A potential treatment regimen for gastric cancer
STK3 demonstrates gene amplification in primary gastric cancer samples, making it a promising anti-cancer target. However, so far, there are still no effective drugs that can decrease the STK3 expression to inhibit tumour growth.. The team is now predicting the 3D structure of STK3 and screening drugs using high-throughput screening (HTS) system to identify the most potent small molecule drugs for targeting STK3.
Professor Ka Fai TO, Project Supervisor, Chairman of the Department of Anatomical and Cellular Pathology, CU Medicine, remarked that the findings have significant implications for gastric cancer treatment. “This study not only proves that STK3 serves as a driving force in the progression of gastric tumour, but also confirms that the depletion of STK3 can exert anti-tumour effects, providing a novel therapeutic target for gastric cancer. The small molecule inhibitors targeting STK3 can potentially become a new solution for STK3-driven gastric cancer patients.”
Young scientists behind the innovative research
CU Medicine has been nurturing clinician-scientists in recent years by offering research immersion programmes that allow students to enrich their learning experience and broaden their horizons. Year 3 medical students Wilson MUI and Brian CHAN joined the Summer Attachment Programme organised by the Department of Anatomical and Cellular Pathology last year, undertook this research under the supervision of the department’s professors. They were responsible for the bioinformatics and clinical correlation analysis, functional tests and Western blot analysis. Wilson also participated in figure organisation and manuscript drafting with postgraduate student Bonan CHEN.
Brian said of the inspiration of the research, “We learned in the classroom that STK3 serves as a tumour suppressor, but we were curious about how it actually works. Therefore, we looked into the expression levels and function of STK3 in gastric cancer samples from the patients and found that STK3 does not inhibit tumor development as expected. Instead, it drives gastric cancer progression. During the research, we were given the chance to practise knowledge gained in class. For example, I have learned how to code and perform data analysis from scratch. I believe that these skills will be beneficial to my future research.”

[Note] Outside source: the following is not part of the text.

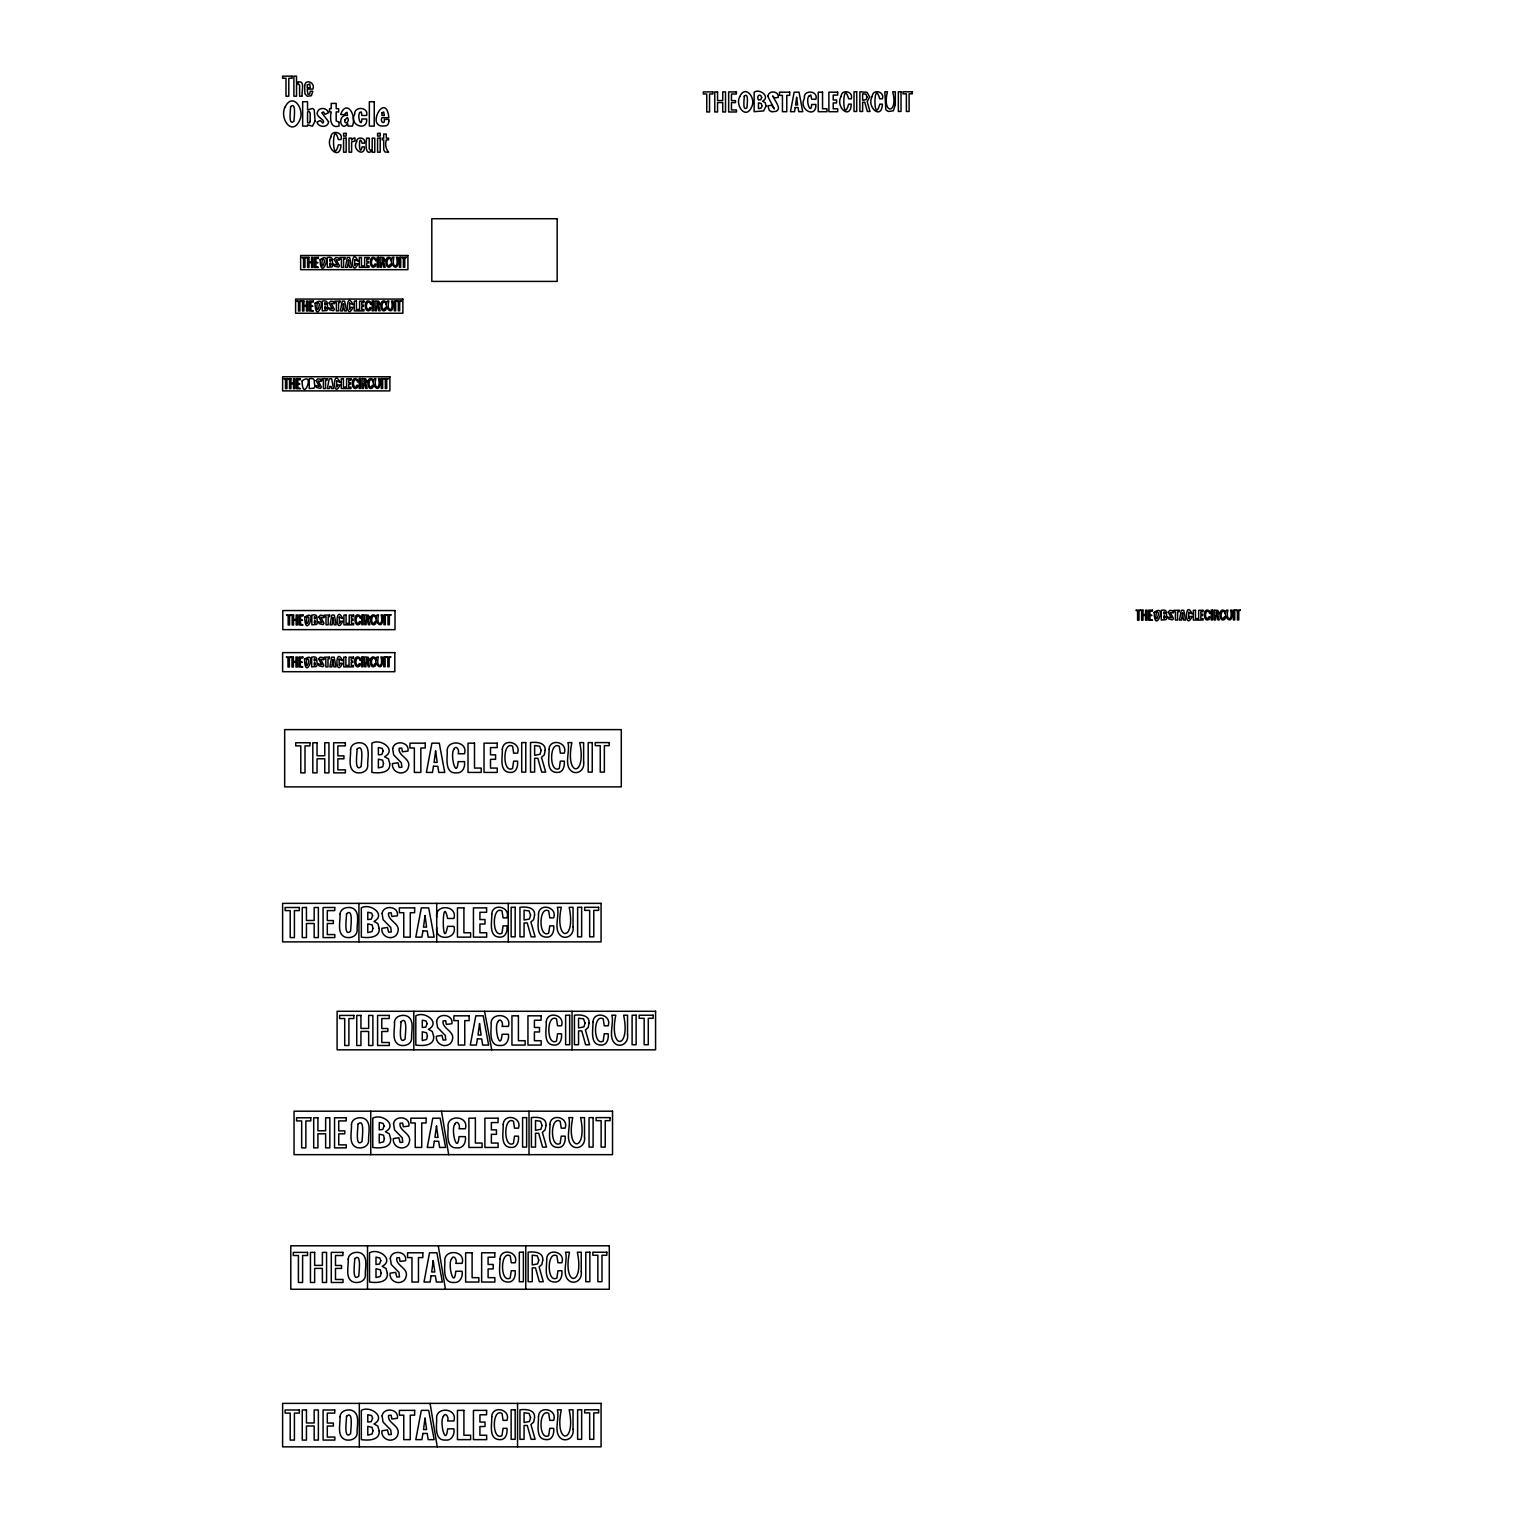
<?xml version="1.0" encoding="UTF-8"?>
<svg xmlns="http://www.w3.org/2000/svg" width="1523" height="1523" viewBox="0 0 1523 1523"><rect width="100%" height="100%" fill="white"/><g stroke="black" fill="none" stroke-linecap="round" stroke-linejoin="round"><path stroke-width="1.5" d="M436.72 917.265C434.474 903.634 457.966 905.024 453.911 918.464L447.591 918.464C441.765 891.355 441.956 954.007 447.591 926.346L453.911 926.346C458.061 939.824 434.626 941.614 436.72 927.831M484.561 1011.291L491.739 1049.823M441.518 1111.2L448.695 1154.662M438.262 1245.795L445.439 1289.258M430.076 1403.387L437.253 1446.85M572.039 1011.291L572.039 1049.823M529.014 1111.2L529.014 1154.662M525.759 1245.795L525.759 1289.258M517.553 1403.387L517.553 1446.85M508.263 903.367L508.263 941.88M436.72 903.367L436.72 941.88M413.799 1011.291L413.799 1049.823M370.755 1111.2L370.755 1154.662M367.5 1245.795L367.5 1289.258M359.295 1403.387L359.295 1446.85M358.933 903.367L358.933 941.88M356.572 141.944C351.642 149.844 364.854 157.554 364.435 146.912L362.074 146.912C358.914 159.591 358.343 131.016 362.074 143.219L364.435 143.219C366.396 137.317 356.344 135.89 356.572 141.944M304.638 85.669L304.905 93.836L307.284 96.254L311.358 95.702L312.824 91.228L310.235 91.228L309.702 94.179L307.874 94.198L307.189 89.096L312.843 89.096C315.718 82.699 305.457 78.225 304.638 85.669M379.798 385.129C378.618 393.6 369.994 383.51 374.563 378.599L375.876 378.599C372.945 390.04 381.416 390.04 378.504 378.599L379.798 378.599L379.798 385.129M392.782 307.475C391.601 315.946 382.977 305.856 387.546 300.945L388.86 300.945C385.928 312.386 394.4 312.386 391.487 300.945L392.782 300.945L392.782 307.475M397.827 263.898C396.665 272.37 388.041 262.28 392.591 257.368L393.905 257.368C390.992 268.81 399.464 268.81 396.532 257.368L397.827 257.368L397.827 263.898M382.463 621.403C381.283 629.875 372.659 619.785 377.228 614.892L378.523 614.892C375.61 626.315 384.082 626.334 381.15 614.892L382.463 614.892L382.463 621.403M382.254 663.457C381.093 671.929 372.469 661.858 377.019 656.946L378.332 656.946C375.419 668.388 383.891 668.388 380.959 656.946L382.254 656.946L382.254 663.457M573.048 926.86C574.19 933.18 568.898 939.12 562.387 936.816C552.297 931.429 559.931 915.894 557.361 907.308L561.283 907.308C554.029 942.223 576.417 942.223 569.164 907.308L573.048 907.308L573.048 926.86M583.633 762.166C584.756 768.468 579.482 774.407 572.972 772.104C562.863 766.716 570.516 751.201 567.927 742.596L571.867 742.596C564.614 777.511 587.002 777.511 579.73 742.596L583.633 742.596L583.633 762.166M584.508 1137.167C585.632 1143.468 580.358 1149.427 573.847 1147.124C563.738 1141.717 571.392 1126.201 568.802 1117.615L572.743 1117.615C565.49 1152.53 587.878 1152.53 580.606 1117.615L584.508 1117.615L584.508 1137.167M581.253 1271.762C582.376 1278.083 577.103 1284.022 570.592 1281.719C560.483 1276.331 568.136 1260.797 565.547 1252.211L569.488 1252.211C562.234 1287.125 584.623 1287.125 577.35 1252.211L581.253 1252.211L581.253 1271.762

Wilson added, “This was my first time participating in scientific research, and the process was challenging. Some skills and knowledge that featured during the research process, such as bioinformatics and the drafting of figures, are not normally taught in class. Luckily, under the guidance of professors and working with my peers, this project came to a successful conclusion. It was also a valuable and inspiring experience that laid the foundation for me to start research career in the future. I sincerely hope that the results of this research can be applied to improve medical technology and benefit gastric cancer patients.”
Professor Wei KANG, Assistant Professor of Department of Anatomical and Cellular Pathology, highly praised the two medical students’s performance. He said, “Wilson and Brian showed diligent learning attitudes, keep improving the experiments. It is impressive that they have mastered single-cell RNA-sequencing and clinicopathological correlation analysis. They have demonstrated great potential and enthusiasm for medical research.”
Professor To added, “In order to provide medical students with a better learning experience and nourish clinician scientists, the Department provides additional training opportunities for medical students who are interested in medical research during the summer holidays .We are very much encouraged by Wilson and Brian’s work. For Year 3 medical students, having administered a cancer project and getting published in a high-impact journal that scores above 20 is no mean feat. They are role models for medical students and future clinician scientists. We also hope these two students continue to scale the heights of scientific research and contribute to the early conquest of cancer.”